- Associated Press - Sunday, October 29, 2017

HOUSTON (AP) - A whirlwind of emotion caught up with Alex Wood while in the dugout between innings, and not only because the young Dodgers left-hander still had a no-hit bid in his first World Series start.

Even before he took the mound against the Houston Astros on Saturday night, the date already had a lot of significance for Wood. And it all hit him during Game 4.

Wood’s parents had gotten engaged on that day nearly 30 years earlier. It was also his fiancée’s birthday, and marked eight years since an accident left his best friend paralyzed.

“I believe in fate, and I believe everything happens for a reason,” Wood said after the Dodgers beat Houston 6-2 to even the World Series at two games each. “I really always truly believe in God’s timing. I’m just really happy today went the way it did.”

Wood, a 26-year-old who won 16 games during the regular season, took a no-hitter in the sixth before George Springer homered with two outs. It was the deepest a Dodgers hurler had ever gone in a postseason game before allowing a hit .

That was also the end of the night for Wood, though manager Dave Roberts - who has had no problems going to his bullpen at any point, especially this postseason - acknowledged there was some hesitation about pulling Wood.

“I thought Alex earned the opportunity, obviously the way he was throwing the baseball, didn’t give up any hard contact, to continue to go,” Roberts said. “But at that point in time after the homer … I felt that was good enough. That was enough that he needed to give us. And to go to the ’pen right there, I felt we can keep them there, we win the game.”

The bullpen did, and the Dodgers won.

Brandon Morrow threw 1 1/3 scoreless innings, with the Dodgers tying the game in the seventh after he came on to finish the sixth for Wood.

Lefty Tony Watson pitched a scoreless eighth and got the win after Los Angeles scored five times in the ninth. Kenley Jansen closed out it, though he allowed a solo homer to Alex Bregman, the only other Astros hit.

The biggest start in his baseball career coincided with so many other things in Wood’s life.

“I usually don’t get too emotional, but just the culmination of all of those things together,” he said. “There’s a lot of important people in my life and events, good and bad, that have happened. And just it taking us to this point today is just really awesome, for sure.”

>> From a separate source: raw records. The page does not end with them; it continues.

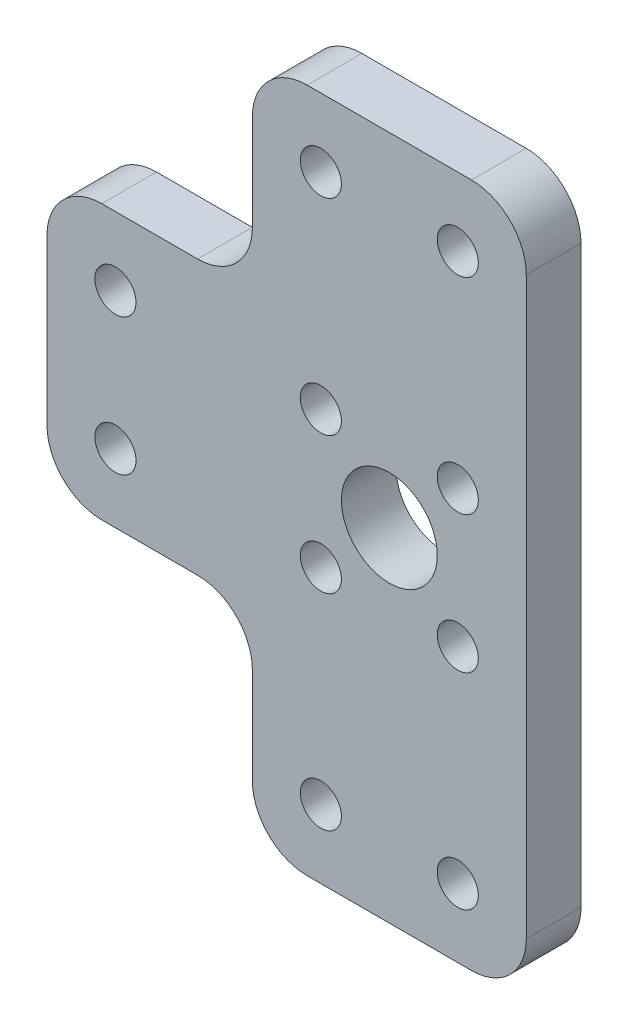
from build123d import *

# Parameters (mm, degrees)
SKETCH_1_W      = 15
SKETCH_1_H      = 20
SKETCH_1_R      = 1.5
SKETCH_1_W_2    = 20
SKETCH_1_R_2    = 3.5
SKETCH_1_H_2    = 15
EXTRUDE_1_DEPTH = 4
FILLET_1_R      = 4


with BuildPart() as part:
    # 草图1 → 凸台-拉伸1 (new body)
    # profile 1 of 4: a face of its own
    with BuildSketch(Plane.XY):
        with Locations((-17.5, 0)):
            Rectangle(SKETCH_1_W, SKETCH_1_H)
        with Locations((-20, -5)):
            Circle(SKETCH_1_R, mode=Mode.SUBTRACT)
        with Locations((-20, 5)):
            Circle(SKETCH_1_R, mode=Mode.SUBTRACT)
    # profile 2 of 4: a face of its own
    with BuildSketch(Plane.XY):
        Rectangle(SKETCH_1_W_2, SKETCH_1_H)
        with Locations((-5, -5)):
            Circle(SKETCH_1_R, mode=Mode.SUBTRACT)
        Circle(SKETCH_1_R_2, mode=Mode.SUBTRACT)
        with Locations((5, -5)):
            Circle(SKETCH_1_R, mode=Mode.SUBTRACT)
        with Locations((-5, 5)):
            Circle(SKETCH_1_R, mode=Mode.SUBTRACT)
        with Locations((5, 5)):
            Circle(SKETCH_1_R, mode=Mode.SUBTRACT)
    # profile 3 of 4: a face of its own
    with BuildSketch(Plane.XY):
        with Locations((0, 17.5)):
            Rectangle(SKETCH_1_W_2, SKETCH_1_H_2)
        with Locations((-5, 20)):
            Circle(SKETCH_1_R, mode=Mode.SUBTRACT)
        with Locations((5, 20)):
            Circle(SKETCH_1_R, mode=Mode.SUBTRACT)
    # profile 4 of 4: a face of its own
    with BuildSketch(Plane.XY):
        with Locations((0, -17.5)):
            Rectangle(SKETCH_1_W_2, SKETCH_1_H_2)
        with Locations((-5, -20)):
            Circle(SKETCH_1_R, mode=Mode.SUBTRACT)
        with Locations((5, -20)):
            Circle(SKETCH_1_R, mode=Mode.SUBTRACT)
    extrude(amount=EXTRUDE_1_DEPTH)

    # 圆角1
    fillet_1_edges = [part.edges().sort_by_distance(p)[0] for p in [
        (-25, -10, 2),
        (-25, 10, 2),
        (-10, 10, 2),
        (-10, 25, 2),
        (10, 25, 2),
        (10, -25, 2),
        (-10, -25, 2),
        (-10, -10, 2),
    ]]
    fillet(fillet_1_edges, radius=FILLET_1_R)


solid = part.part

Chance Veazey, his former University of Georgia teammate, was paralyzed from the waist down when a car turned in front of the motorized scooter he was riding when he was a freshman. Wood and Dodgers teammate Kyle Farmer, who was also at Georgia at the time, have tattoos of the phrase “Second Chance” as a tribute to their friend.

Veazey was Wood’s guest during the All-Star Game this summer, hanging out with him in Miami.

In the World Series, Wood only issued two walks the first two times through the batting order, with one of those wiped out by a double play.

But leadoff hitter Springer homered, and Roberts was soon coming out of the Dodgers’ dugout after what had been an intriguing pitcher’s duel between Wood and Charlie Morton.

“I just trying to stay in the moment and stay focused on what I’m trying to do. The innings were rolling pretty quickly there the first four, five, six innings,” Wood said. “It kept us both of us locked in, a little bit of a groove. He was special, too.”